Data records Start Marker

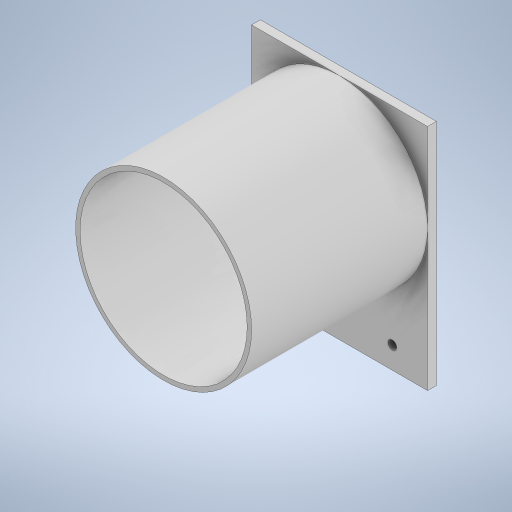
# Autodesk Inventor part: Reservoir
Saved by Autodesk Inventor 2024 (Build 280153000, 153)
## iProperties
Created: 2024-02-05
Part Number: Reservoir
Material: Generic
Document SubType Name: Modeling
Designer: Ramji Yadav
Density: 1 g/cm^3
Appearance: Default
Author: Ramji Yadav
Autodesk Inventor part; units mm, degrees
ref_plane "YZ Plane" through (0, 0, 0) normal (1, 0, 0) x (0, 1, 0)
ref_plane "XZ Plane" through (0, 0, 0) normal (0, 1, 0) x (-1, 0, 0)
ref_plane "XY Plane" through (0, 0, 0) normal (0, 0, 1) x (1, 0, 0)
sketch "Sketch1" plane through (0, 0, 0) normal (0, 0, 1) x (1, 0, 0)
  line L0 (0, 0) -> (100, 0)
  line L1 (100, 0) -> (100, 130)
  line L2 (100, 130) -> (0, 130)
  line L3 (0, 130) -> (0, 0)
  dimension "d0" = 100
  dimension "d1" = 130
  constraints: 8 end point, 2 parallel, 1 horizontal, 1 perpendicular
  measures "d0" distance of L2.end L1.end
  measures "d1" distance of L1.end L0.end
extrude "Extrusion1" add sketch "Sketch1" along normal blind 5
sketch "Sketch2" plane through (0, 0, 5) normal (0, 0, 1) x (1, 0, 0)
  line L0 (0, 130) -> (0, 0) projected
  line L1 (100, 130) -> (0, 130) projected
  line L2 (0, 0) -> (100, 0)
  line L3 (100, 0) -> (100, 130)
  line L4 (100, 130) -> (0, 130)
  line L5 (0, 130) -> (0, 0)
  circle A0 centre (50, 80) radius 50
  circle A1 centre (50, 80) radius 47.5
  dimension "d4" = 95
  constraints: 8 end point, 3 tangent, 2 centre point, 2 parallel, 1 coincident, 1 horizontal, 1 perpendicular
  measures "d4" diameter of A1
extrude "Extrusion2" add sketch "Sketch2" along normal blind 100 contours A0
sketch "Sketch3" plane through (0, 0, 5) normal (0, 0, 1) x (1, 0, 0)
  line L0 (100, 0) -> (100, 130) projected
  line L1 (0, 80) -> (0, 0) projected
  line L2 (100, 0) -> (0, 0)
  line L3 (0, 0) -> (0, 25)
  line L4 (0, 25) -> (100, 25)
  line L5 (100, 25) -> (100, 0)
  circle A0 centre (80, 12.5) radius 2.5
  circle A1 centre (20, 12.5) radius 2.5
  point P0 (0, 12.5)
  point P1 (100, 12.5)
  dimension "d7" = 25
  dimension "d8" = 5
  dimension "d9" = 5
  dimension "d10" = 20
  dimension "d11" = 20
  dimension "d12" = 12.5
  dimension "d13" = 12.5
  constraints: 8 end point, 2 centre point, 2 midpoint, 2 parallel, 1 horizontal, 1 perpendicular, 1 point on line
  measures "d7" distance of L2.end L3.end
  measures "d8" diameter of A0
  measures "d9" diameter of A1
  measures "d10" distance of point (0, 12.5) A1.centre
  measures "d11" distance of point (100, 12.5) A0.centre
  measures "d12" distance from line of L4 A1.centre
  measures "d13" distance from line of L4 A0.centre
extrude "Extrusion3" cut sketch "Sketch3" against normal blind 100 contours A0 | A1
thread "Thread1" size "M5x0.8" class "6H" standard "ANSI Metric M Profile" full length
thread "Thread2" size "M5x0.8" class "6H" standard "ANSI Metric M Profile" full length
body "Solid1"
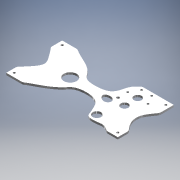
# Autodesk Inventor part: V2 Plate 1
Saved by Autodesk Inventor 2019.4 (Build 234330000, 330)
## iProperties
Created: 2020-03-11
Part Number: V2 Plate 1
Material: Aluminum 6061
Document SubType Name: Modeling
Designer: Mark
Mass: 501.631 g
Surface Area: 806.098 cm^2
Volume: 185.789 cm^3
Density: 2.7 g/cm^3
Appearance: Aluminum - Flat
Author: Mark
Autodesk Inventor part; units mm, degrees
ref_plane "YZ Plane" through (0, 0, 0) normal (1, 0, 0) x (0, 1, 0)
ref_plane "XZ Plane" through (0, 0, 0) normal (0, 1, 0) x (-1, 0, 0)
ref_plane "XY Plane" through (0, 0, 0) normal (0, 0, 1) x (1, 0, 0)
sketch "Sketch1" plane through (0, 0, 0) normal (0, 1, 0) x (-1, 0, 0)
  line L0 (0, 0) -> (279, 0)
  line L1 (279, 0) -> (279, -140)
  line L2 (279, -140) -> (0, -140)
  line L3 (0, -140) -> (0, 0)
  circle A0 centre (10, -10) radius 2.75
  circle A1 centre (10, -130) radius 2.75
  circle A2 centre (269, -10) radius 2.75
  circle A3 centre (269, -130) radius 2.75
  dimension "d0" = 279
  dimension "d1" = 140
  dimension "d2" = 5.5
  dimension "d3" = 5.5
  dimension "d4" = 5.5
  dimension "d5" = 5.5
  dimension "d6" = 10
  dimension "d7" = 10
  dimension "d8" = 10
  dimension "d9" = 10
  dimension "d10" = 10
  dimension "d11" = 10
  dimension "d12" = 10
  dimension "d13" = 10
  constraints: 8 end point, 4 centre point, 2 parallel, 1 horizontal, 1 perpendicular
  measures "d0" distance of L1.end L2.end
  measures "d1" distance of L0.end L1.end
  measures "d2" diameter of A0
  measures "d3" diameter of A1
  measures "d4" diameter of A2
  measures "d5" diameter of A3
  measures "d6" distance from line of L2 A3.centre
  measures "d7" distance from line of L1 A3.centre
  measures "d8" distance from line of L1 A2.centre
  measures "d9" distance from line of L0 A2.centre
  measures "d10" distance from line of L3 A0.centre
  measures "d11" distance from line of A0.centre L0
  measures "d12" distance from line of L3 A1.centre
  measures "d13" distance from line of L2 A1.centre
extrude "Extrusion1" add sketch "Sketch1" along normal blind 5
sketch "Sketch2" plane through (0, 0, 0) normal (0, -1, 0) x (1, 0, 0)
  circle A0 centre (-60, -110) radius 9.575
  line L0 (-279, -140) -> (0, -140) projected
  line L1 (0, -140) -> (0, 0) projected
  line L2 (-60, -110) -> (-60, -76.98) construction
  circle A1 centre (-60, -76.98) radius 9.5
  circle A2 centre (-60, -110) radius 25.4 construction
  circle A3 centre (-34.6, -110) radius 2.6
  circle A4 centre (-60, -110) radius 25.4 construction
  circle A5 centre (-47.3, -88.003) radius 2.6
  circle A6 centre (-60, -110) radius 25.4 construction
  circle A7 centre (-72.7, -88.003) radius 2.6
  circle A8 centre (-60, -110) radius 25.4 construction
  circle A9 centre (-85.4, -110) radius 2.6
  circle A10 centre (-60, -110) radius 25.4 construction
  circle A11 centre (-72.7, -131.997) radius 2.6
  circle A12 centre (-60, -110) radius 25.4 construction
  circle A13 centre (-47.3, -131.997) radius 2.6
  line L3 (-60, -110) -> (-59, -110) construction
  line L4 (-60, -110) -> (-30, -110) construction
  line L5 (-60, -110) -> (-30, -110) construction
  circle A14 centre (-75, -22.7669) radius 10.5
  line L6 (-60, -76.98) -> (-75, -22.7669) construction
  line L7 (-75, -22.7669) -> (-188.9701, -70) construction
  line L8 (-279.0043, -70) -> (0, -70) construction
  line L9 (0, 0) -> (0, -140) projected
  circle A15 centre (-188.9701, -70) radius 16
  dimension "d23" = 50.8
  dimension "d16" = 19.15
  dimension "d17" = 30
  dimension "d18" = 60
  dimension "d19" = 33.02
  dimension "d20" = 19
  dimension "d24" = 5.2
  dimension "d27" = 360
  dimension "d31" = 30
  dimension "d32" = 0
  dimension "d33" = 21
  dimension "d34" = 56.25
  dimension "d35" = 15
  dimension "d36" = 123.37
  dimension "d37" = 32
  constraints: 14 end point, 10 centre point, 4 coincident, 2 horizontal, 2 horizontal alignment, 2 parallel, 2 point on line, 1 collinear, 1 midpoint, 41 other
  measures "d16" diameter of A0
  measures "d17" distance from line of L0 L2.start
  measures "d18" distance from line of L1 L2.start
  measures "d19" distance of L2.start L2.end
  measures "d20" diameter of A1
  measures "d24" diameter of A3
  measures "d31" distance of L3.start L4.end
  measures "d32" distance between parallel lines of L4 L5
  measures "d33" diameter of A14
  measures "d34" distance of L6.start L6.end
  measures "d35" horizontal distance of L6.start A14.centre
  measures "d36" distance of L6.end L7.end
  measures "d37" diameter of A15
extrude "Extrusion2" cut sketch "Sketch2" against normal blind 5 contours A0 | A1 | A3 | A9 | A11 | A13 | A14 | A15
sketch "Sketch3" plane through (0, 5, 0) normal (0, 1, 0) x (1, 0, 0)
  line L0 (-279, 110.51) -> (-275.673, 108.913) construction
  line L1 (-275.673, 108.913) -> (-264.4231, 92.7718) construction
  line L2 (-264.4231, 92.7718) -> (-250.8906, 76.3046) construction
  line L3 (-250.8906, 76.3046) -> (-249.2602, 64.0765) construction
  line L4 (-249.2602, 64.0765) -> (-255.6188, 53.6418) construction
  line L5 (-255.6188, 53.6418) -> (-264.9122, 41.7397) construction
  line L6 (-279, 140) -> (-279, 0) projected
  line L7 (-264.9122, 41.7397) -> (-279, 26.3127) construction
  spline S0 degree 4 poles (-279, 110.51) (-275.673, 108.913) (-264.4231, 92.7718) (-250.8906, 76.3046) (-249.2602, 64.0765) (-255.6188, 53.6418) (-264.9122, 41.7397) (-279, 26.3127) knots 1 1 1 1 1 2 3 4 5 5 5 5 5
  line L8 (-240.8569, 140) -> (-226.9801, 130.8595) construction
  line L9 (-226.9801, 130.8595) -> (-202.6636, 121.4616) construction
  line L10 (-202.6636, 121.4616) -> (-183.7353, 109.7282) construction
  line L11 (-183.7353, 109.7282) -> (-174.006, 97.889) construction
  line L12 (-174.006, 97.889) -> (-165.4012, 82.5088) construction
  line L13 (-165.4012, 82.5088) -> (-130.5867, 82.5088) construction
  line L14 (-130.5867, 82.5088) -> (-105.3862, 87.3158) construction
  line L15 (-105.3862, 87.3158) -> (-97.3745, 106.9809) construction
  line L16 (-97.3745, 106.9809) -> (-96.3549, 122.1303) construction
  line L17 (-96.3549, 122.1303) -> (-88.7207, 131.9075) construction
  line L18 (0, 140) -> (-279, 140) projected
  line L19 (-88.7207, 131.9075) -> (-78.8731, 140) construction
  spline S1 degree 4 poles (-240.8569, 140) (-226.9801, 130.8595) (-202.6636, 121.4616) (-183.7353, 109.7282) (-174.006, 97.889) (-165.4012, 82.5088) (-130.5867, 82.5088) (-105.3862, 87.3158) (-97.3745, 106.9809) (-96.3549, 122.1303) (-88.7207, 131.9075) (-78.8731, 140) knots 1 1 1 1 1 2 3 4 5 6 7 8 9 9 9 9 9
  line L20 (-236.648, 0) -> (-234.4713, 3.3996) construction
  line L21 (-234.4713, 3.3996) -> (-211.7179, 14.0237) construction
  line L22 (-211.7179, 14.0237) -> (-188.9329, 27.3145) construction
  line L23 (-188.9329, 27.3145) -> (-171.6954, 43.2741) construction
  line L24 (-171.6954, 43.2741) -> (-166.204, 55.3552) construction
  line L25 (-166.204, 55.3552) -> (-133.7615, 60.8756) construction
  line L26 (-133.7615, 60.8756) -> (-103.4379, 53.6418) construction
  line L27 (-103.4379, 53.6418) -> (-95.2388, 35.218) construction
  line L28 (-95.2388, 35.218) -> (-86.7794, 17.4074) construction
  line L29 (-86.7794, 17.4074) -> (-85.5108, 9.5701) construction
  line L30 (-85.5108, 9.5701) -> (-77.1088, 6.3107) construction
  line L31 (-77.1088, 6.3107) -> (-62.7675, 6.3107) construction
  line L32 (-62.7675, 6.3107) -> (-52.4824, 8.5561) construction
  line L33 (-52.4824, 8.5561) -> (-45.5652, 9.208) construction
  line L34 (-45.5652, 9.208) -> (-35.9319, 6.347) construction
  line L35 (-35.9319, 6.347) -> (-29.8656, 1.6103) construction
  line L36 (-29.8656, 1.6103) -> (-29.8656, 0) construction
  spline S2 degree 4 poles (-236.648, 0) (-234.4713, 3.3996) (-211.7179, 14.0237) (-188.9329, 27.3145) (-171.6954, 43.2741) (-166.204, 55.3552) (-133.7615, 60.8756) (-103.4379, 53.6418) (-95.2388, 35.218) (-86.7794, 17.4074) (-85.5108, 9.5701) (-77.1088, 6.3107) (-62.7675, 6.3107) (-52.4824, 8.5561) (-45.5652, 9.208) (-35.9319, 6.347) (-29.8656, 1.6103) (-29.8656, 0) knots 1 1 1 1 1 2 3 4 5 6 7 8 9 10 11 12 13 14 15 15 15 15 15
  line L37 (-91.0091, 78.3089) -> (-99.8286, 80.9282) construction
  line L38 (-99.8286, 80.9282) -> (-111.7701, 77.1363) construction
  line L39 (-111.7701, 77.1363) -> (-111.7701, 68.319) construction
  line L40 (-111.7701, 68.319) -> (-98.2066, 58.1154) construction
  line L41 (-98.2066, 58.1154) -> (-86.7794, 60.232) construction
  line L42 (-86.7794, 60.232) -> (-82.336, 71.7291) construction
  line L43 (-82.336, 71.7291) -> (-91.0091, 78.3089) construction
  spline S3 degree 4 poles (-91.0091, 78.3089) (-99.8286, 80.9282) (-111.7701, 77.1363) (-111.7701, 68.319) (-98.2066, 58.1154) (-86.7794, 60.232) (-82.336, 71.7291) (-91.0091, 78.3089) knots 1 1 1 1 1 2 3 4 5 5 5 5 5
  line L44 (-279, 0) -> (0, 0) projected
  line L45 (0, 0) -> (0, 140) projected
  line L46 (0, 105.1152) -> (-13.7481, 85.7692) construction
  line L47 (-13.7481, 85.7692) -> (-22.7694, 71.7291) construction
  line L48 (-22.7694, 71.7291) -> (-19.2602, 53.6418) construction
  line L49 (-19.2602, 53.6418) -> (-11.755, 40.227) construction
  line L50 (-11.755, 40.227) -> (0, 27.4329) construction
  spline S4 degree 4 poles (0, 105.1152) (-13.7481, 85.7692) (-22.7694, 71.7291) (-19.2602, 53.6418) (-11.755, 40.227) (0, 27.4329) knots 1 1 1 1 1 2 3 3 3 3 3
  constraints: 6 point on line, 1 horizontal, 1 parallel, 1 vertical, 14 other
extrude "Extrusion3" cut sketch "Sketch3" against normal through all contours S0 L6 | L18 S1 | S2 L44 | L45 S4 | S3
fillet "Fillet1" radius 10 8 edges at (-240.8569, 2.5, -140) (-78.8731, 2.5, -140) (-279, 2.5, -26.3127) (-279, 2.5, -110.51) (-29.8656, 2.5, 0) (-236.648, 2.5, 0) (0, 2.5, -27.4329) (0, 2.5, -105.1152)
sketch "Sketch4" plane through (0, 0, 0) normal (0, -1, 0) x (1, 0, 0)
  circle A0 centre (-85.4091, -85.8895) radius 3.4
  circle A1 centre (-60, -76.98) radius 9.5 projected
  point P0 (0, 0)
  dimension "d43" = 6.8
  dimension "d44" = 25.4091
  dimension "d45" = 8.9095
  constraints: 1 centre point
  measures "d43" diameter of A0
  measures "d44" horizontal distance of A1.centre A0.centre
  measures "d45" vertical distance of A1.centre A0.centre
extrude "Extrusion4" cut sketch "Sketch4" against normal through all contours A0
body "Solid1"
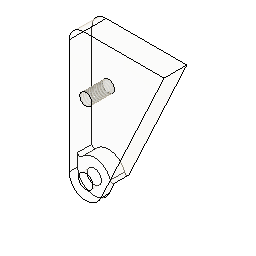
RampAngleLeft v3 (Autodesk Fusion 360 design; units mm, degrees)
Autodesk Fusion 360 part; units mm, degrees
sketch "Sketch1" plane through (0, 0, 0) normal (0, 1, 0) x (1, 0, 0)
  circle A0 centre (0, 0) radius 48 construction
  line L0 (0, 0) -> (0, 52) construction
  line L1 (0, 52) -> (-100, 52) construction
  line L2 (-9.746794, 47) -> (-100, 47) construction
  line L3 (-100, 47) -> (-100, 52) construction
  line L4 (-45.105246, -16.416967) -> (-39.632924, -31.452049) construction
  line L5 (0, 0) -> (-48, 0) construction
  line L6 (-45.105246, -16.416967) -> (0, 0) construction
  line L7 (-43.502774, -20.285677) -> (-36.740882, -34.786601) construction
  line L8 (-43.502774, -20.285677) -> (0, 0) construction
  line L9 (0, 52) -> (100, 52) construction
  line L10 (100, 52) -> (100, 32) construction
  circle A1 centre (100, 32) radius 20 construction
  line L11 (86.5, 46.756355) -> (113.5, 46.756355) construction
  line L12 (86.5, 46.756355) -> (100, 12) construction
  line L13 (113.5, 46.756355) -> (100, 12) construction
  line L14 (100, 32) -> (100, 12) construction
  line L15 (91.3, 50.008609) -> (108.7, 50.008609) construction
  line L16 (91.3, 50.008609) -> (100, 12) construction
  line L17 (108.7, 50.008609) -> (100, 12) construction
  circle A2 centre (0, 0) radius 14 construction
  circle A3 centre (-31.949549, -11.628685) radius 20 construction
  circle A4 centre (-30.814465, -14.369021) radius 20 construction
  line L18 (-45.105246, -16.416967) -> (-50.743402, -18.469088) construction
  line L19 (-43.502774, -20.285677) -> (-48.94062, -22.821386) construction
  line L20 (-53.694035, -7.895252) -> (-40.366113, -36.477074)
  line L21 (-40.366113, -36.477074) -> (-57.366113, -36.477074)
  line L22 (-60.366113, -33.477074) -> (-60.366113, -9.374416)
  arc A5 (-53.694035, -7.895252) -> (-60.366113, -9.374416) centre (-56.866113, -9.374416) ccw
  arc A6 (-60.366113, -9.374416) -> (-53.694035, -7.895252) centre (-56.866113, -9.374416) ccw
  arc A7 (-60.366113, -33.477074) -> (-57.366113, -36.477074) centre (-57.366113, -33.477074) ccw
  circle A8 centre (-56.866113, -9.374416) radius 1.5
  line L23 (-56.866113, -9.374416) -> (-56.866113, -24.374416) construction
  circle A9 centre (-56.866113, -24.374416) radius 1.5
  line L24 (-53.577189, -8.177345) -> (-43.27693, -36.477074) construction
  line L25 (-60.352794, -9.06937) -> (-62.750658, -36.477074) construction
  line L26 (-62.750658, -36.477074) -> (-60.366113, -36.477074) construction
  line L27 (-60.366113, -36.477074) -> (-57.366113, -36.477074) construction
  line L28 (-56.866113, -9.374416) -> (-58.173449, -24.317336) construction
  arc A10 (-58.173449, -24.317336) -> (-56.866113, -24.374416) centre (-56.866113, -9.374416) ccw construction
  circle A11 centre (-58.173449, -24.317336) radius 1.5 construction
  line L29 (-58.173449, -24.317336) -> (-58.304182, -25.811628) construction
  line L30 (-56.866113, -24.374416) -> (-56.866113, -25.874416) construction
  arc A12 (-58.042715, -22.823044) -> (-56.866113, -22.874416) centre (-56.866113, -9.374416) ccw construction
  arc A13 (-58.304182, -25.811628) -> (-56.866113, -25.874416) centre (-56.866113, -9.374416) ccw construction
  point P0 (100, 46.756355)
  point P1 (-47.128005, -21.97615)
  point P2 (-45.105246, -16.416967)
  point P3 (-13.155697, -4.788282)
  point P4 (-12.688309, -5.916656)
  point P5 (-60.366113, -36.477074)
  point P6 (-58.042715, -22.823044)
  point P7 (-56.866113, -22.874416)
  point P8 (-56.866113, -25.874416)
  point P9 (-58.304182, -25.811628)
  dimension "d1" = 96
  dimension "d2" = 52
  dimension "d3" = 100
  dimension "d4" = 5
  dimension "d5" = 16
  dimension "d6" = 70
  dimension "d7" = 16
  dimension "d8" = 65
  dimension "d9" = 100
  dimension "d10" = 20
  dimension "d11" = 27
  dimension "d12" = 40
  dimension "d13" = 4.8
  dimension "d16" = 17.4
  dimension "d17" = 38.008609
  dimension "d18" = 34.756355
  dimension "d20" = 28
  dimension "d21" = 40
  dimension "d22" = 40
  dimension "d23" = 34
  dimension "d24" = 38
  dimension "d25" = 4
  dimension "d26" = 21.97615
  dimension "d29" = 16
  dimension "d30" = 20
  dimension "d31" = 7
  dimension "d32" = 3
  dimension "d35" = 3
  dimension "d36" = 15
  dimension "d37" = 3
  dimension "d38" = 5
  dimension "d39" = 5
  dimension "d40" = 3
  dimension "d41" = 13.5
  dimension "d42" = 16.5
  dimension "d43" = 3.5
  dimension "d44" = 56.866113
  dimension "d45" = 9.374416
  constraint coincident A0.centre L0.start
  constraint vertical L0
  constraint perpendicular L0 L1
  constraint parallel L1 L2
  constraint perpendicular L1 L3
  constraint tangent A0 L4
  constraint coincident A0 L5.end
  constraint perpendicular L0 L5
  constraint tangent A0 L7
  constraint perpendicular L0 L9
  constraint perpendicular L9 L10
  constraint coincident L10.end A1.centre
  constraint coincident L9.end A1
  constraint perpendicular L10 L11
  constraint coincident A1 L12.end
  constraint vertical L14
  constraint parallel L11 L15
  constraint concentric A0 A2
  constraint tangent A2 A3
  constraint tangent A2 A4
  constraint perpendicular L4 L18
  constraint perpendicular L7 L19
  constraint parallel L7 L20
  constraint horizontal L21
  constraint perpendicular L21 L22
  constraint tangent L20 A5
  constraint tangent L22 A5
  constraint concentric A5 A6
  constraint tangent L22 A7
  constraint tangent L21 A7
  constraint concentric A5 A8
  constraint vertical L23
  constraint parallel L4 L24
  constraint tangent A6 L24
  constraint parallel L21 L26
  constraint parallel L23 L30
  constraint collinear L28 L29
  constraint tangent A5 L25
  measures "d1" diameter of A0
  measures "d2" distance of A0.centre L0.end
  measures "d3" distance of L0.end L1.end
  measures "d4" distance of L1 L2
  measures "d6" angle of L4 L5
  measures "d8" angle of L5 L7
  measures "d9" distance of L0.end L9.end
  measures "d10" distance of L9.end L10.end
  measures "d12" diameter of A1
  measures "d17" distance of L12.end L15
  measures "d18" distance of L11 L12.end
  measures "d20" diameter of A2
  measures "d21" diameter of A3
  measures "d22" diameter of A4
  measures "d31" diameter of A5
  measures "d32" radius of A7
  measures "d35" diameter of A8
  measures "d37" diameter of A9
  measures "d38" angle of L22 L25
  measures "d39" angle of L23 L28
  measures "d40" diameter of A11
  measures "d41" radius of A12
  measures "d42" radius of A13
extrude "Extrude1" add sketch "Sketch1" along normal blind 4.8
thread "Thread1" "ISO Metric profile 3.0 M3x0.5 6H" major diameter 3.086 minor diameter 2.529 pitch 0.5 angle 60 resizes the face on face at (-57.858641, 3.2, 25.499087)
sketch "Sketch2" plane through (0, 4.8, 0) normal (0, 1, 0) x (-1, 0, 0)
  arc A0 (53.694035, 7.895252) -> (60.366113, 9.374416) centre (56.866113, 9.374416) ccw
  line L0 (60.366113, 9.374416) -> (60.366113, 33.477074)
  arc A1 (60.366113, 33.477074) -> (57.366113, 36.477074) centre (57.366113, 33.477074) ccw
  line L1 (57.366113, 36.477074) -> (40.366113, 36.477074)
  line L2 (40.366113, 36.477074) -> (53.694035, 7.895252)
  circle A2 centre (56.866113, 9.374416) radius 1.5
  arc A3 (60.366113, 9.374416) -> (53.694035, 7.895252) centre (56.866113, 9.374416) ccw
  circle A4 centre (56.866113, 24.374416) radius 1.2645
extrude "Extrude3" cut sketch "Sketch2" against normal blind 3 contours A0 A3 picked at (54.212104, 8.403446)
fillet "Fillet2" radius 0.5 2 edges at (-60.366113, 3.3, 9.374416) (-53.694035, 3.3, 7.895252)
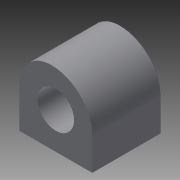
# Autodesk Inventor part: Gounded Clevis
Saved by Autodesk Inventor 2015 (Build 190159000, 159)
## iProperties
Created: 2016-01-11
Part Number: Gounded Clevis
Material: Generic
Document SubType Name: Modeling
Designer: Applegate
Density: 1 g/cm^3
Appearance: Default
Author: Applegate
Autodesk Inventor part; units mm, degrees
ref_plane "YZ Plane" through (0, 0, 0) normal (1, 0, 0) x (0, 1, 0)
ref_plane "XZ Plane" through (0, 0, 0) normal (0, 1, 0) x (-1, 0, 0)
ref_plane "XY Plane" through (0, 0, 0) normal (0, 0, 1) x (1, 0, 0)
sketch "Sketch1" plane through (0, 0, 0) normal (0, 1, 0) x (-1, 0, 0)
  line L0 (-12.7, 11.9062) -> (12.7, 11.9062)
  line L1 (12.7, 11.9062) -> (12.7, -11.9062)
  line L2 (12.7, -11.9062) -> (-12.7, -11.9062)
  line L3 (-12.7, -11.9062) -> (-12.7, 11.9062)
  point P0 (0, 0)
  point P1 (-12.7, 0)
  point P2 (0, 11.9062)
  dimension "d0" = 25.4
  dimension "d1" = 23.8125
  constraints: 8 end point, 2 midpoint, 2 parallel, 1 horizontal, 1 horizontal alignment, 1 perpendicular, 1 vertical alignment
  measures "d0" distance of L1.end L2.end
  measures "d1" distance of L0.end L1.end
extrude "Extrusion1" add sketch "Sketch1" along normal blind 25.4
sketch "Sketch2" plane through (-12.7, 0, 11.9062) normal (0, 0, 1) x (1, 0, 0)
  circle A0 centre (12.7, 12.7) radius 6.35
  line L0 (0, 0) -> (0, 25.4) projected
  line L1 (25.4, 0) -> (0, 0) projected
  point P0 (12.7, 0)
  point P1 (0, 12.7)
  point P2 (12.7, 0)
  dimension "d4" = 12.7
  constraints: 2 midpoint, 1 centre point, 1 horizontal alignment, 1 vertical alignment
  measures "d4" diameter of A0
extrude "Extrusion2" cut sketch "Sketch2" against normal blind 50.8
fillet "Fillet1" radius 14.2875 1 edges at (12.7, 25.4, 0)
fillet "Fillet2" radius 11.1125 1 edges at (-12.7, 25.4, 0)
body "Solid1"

Data records End Marker

> Your goal: As listed above, the lines from the line with "line L30 (-56.866113, -24.374416)" to the line with "constraint perpendicular L4 L18" are to be echoed exactly, with both ends included and nothing added.

> Completed exercise:
  line L30 (-56.866113, -24.374416) -> (-56.866113, -25.874416) construction
  arc A12 (-58.042715, -22.823044) -> (-56.866113, -22.874416) centre (-56.866113, -9.374416) ccw construction
  arc A13 (-58.304182, -25.811628) -> (-56.866113, -25.874416) centre (-56.866113, -9.374416) ccw construction
  point P0 (100, 46.756355)
  point P1 (-47.128005, -21.97615)
  point P2 (-45.105246, -16.416967)
  point P3 (-13.155697, -4.788282)
  point P4 (-12.688309, -5.916656)
  point P5 (-60.366113, -36.477074)
  point P6 (-58.042715, -22.823044)
  point P7 (-56.866113, -22.874416)
  point P8 (-56.866113, -25.874416)
  point P9 (-58.304182, -25.811628)
  dimension "d1" = 96
  dimension "d2" = 52
  dimension "d3" = 100
  dimension "d4" = 5
  dimension "d5" = 16
  dimension "d6" = 70
  dimension "d7" = 16
  dimension "d8" = 65
  dimension "d9" = 100
  dimension "d10" = 20
  dimension "d11" = 27
  dimension "d12" = 40
  dimension "d13" = 4.8
  dimension "d16" = 17.4
  dimension "d17" = 38.008609
  dimension "d18" = 34.756355
  dimension "d20" = 28
  dimension "d21" = 40
  dimension "d22" = 40
  dimension "d23" = 34
  dimension "d24" = 38
  dimension "d25" = 4
  dimension "d26" = 21.97615
  dimension "d29" = 16
  dimension "d30" = 20
  dimension "d31" = 7
  dimension "d32" = 3
  dimension "d35" = 3
  dimension "d36" = 15
  dimension "d37" = 3
  dimension "d38" = 5
  dimension "d39" = 5
  dimension "d40" = 3
  dimension "d41" = 13.5
  dimension "d42" = 16.5
  dimension "d43" = 3.5
  dimension "d44" = 56.866113
  dimension "d45" = 9.374416
  constraint coincident A0.centre L0.start
  constraint vertical L0
  constraint perpendicular L0 L1
  constraint parallel L1 L2
  constraint perpendicular L1 L3
  constraint tangent A0 L4
  constraint coincident A0 L5.end
  constraint perpendicular L0 L5
  constraint tangent A0 L7
  constraint perpendicular L0 L9
  constraint perpendicular L9 L10
  constraint coincident L10.end A1.centre
  constraint coincident L9.end A1
  constraint perpendicular L10 L11
  constraint coincident A1 L12.end
  constraint vertical L14
  constraint parallel L11 L15
  constraint concentric A0 A2
  constraint tangent A2 A3
  constraint tangent A2 A4
  constraint perpendicular L4 L18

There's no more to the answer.